TASK STATEMENT:
Scan the data below. Pull out each line where "VBus" occurs.

SOURCE MATERIAL:
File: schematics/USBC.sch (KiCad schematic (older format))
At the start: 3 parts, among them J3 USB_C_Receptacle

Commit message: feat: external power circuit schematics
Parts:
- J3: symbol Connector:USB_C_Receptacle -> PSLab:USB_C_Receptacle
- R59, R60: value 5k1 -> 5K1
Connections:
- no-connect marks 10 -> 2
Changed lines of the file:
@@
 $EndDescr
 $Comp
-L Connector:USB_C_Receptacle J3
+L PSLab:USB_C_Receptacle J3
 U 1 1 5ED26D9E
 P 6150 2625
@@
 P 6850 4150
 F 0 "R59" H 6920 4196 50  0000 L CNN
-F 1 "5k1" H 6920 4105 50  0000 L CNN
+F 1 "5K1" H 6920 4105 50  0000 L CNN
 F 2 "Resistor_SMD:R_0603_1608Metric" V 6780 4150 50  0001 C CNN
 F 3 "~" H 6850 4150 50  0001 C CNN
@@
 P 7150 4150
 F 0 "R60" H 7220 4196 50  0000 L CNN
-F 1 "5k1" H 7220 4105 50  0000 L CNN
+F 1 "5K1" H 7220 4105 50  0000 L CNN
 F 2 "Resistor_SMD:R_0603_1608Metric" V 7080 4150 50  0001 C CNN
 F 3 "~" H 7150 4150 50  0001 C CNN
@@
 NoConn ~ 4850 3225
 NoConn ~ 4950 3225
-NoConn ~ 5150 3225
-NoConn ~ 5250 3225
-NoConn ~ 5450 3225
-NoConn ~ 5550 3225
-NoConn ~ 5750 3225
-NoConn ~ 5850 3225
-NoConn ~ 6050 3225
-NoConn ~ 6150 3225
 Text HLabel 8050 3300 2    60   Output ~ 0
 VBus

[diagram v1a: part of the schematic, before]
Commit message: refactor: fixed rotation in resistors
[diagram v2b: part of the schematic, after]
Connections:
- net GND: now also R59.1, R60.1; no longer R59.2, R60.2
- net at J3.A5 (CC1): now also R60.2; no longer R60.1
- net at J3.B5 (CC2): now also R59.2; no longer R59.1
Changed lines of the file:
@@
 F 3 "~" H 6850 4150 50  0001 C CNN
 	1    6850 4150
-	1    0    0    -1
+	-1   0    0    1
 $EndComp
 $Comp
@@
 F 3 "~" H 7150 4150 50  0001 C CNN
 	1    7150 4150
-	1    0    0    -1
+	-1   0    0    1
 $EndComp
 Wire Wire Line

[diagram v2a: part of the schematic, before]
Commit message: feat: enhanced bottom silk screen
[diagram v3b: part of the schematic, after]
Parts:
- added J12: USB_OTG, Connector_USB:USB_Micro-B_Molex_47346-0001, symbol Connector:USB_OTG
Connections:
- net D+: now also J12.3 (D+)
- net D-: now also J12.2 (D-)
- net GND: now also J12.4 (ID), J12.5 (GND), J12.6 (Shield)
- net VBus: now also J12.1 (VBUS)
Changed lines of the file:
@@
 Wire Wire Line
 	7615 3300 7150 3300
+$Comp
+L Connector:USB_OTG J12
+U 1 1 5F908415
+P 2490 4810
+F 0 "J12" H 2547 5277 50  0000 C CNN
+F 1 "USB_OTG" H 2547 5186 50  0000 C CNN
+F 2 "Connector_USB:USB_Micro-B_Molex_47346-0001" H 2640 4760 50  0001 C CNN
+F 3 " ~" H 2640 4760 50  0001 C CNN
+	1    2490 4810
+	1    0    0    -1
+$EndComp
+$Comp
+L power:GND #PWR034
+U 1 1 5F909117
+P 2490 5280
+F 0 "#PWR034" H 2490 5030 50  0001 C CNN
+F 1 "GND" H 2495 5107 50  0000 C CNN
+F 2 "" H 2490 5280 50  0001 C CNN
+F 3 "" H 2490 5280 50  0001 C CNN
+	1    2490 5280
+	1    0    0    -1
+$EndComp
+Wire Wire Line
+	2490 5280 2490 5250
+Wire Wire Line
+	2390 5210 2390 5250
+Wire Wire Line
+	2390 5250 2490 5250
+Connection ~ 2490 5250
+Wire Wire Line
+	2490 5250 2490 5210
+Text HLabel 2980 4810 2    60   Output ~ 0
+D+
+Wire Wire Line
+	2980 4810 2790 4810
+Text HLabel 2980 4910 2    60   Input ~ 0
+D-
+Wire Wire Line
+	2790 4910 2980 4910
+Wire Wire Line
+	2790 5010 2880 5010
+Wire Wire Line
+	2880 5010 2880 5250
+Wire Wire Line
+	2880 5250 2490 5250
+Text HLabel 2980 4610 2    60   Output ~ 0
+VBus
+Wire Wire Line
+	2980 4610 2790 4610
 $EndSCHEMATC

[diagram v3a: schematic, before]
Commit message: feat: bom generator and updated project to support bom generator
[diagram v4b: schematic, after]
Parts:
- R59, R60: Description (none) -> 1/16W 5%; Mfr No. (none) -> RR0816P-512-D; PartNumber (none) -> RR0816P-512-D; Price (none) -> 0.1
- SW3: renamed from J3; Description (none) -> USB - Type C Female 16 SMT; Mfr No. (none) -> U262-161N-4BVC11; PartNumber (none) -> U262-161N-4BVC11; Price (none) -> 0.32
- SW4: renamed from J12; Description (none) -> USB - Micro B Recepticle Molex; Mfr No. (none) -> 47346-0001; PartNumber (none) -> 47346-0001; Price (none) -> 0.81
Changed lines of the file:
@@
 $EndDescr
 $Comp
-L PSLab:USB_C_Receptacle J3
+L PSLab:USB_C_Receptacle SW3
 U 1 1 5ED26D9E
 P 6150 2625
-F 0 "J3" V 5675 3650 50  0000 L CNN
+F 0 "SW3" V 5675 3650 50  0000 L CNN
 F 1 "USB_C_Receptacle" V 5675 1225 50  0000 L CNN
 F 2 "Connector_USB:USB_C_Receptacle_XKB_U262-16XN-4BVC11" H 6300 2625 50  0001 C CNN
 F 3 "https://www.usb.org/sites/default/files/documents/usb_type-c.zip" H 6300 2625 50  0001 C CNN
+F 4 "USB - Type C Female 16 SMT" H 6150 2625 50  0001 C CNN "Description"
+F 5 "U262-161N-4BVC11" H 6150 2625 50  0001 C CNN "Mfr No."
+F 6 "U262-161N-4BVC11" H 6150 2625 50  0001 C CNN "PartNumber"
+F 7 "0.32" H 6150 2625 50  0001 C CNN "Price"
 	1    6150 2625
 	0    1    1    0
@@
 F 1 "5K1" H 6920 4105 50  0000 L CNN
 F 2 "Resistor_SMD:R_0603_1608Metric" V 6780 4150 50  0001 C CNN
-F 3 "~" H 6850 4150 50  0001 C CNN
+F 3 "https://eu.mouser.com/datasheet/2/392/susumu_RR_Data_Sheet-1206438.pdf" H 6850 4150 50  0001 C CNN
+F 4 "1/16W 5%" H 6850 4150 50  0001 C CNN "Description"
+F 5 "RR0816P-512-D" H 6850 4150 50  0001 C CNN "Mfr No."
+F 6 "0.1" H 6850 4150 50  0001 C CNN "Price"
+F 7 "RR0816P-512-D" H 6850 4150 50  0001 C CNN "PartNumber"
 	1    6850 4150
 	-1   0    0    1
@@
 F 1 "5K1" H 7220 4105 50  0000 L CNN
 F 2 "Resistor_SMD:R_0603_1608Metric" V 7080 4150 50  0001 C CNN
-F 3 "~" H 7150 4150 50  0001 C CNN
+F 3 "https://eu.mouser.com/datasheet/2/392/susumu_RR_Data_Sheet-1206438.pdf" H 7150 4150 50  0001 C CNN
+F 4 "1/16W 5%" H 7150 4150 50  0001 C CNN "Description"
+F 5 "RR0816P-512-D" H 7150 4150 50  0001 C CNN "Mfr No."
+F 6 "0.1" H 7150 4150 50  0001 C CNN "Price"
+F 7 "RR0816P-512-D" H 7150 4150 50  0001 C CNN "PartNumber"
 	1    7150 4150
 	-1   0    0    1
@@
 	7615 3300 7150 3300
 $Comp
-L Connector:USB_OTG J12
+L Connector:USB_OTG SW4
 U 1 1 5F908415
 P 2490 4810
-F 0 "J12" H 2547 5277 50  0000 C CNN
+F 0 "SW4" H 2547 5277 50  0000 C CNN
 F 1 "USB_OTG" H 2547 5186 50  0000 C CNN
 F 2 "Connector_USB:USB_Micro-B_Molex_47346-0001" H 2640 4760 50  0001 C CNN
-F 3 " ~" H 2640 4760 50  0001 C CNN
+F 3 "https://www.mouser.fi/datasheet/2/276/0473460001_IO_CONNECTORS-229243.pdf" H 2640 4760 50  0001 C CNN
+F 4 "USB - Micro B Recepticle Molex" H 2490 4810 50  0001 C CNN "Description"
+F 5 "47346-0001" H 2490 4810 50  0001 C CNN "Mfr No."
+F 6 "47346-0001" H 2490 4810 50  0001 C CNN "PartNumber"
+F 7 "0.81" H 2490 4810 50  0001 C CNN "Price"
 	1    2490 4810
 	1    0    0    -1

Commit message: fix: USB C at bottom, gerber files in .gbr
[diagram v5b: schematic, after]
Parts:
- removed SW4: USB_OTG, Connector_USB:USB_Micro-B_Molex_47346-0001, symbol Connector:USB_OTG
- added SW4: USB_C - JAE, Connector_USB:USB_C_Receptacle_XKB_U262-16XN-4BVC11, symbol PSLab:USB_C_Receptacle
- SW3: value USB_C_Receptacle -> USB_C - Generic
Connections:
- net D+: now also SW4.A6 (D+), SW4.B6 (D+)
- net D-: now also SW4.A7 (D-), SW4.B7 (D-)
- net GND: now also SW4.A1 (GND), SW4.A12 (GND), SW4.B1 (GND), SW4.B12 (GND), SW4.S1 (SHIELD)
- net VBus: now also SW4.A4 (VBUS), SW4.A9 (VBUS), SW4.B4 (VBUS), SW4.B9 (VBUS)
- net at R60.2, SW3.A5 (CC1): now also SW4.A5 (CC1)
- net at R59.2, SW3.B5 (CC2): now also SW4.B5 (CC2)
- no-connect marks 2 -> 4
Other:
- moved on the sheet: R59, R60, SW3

SOLUTION TO THIS PROBLEM:
 VBus
- net VBus: now also J12.1 (VBUS)
+VBus
- net VBus: now also SW4.A4 (VBUS), SW4.A9 (VBUS), SW4.B4 (VBUS), SW4.B9 (VBUS)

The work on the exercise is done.